*REQUIREMENT:*
Repeat the listing below word for word, stopping after the line that contains "with BuildPart() as".

*DATA FOR PROCESSING:*
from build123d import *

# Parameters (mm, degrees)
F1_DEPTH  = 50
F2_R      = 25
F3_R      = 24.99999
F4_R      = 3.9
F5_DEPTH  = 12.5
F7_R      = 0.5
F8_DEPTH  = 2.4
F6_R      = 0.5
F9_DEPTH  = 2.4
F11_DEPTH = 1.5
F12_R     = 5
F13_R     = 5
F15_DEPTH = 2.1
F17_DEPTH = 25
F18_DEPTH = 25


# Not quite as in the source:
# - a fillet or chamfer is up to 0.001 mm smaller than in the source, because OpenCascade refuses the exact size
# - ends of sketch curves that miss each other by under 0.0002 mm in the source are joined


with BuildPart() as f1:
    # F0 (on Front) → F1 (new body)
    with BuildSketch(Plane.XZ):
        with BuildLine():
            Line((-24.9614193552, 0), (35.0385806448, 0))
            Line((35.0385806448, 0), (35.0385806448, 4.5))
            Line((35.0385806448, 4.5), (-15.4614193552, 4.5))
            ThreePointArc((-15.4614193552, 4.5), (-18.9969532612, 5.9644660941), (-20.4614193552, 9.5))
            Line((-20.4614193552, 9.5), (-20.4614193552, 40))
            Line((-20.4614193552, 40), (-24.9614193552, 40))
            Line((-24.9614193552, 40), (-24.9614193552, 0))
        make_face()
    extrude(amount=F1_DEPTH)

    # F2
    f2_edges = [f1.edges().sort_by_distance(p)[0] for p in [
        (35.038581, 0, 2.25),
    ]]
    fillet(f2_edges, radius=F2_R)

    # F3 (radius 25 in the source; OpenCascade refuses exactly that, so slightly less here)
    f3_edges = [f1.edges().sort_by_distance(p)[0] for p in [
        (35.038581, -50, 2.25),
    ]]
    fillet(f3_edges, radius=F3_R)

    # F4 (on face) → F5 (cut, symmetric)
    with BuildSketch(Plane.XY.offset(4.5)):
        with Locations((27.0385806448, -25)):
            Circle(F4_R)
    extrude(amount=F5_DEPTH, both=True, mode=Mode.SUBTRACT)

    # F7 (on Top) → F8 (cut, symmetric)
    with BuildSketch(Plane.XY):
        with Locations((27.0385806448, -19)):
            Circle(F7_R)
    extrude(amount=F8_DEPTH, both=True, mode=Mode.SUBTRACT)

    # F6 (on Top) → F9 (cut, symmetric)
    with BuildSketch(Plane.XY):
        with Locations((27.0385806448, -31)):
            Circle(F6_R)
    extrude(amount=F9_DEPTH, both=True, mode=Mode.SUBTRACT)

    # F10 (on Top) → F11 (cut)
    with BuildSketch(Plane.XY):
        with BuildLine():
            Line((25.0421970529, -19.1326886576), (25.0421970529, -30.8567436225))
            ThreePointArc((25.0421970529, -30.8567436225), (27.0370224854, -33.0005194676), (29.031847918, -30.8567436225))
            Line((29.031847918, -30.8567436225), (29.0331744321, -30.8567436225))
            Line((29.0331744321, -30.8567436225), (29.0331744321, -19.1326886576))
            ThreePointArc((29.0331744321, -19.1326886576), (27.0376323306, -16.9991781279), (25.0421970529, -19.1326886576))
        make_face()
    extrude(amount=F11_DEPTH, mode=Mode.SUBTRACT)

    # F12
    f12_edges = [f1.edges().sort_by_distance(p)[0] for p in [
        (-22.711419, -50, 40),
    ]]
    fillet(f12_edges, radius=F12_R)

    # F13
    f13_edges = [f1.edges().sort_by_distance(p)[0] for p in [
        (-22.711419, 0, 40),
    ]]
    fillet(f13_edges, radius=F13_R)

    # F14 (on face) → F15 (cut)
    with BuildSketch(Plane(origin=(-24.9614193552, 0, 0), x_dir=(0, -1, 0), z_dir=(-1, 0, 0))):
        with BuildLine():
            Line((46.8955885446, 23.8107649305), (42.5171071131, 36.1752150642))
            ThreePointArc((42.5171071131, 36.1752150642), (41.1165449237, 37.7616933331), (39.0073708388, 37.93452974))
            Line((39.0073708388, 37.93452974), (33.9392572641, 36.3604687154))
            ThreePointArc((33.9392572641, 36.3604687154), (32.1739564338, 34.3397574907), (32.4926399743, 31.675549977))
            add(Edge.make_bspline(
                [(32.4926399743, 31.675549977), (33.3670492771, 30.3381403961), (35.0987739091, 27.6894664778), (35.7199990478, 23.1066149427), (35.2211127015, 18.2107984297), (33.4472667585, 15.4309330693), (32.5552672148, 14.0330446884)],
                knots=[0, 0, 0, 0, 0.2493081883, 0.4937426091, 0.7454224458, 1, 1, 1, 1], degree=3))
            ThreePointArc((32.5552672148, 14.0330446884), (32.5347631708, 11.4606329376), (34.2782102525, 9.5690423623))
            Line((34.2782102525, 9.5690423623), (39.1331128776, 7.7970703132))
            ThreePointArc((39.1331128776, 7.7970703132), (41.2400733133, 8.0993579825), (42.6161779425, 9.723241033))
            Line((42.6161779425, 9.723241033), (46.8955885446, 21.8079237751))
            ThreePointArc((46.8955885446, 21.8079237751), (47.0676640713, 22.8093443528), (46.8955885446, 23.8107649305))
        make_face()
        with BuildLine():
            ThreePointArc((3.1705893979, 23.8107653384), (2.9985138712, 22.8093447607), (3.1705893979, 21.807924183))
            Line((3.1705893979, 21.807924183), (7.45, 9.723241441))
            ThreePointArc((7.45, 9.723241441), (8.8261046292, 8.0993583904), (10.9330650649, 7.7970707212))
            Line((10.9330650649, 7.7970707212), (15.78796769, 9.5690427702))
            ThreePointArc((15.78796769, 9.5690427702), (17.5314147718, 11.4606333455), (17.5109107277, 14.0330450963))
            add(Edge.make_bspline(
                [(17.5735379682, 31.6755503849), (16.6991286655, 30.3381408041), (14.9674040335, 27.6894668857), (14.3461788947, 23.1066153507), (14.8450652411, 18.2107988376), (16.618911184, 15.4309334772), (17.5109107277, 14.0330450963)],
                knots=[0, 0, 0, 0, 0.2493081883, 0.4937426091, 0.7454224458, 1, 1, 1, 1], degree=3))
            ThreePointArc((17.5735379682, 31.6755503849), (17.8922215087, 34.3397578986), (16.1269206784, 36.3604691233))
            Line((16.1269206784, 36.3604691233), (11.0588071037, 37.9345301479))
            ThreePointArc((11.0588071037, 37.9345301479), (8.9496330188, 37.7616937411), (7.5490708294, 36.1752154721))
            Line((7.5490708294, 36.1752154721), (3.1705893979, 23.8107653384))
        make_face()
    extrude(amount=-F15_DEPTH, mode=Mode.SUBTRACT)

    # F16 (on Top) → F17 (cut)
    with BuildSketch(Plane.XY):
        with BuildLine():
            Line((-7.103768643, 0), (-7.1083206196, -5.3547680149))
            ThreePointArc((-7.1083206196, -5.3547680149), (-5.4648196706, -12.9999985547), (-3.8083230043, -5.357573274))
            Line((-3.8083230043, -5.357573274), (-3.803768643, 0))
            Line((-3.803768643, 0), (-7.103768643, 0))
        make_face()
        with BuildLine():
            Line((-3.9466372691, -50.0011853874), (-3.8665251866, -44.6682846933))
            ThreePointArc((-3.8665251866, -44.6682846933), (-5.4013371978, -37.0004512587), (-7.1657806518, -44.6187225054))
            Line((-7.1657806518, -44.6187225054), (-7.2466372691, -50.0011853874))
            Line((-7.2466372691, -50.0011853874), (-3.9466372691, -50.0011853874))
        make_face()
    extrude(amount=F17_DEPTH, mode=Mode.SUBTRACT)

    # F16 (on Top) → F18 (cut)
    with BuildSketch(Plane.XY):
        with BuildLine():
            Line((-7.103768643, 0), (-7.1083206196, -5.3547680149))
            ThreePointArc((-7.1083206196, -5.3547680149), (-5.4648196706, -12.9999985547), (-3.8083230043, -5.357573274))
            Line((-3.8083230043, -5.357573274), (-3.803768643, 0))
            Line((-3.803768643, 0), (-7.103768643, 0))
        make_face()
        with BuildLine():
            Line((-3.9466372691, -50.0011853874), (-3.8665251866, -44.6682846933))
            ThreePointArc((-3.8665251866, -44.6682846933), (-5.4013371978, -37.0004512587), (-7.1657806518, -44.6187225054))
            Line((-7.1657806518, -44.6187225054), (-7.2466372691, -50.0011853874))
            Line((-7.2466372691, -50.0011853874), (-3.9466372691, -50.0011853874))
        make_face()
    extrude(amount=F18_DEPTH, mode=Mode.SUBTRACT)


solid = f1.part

*OUTPUT BELOW:*
from build123d import *

# Parameters (mm, degrees)
F1_DEPTH  = 50
F2_R      = 25
F3_R      = 24.99999
F4_R      = 3.9
F5_DEPTH  = 12.5
F7_R      = 0.5
F8_DEPTH  = 2.4
F6_R      = 0.5
F9_DEPTH  = 2.4
F11_DEPTH = 1.5
F12_R     = 5
F13_R     = 5
F15_DEPTH = 2.1
F17_DEPTH = 25
F18_DEPTH = 25


# Not quite as in the source:
# - a fillet or chamfer is up to 0.001 mm smaller than in the source, because OpenCascade refuses the exact size
# - ends of sketch curves that miss each other by under 0.0002 mm in the source are joined


with BuildPart() as f1:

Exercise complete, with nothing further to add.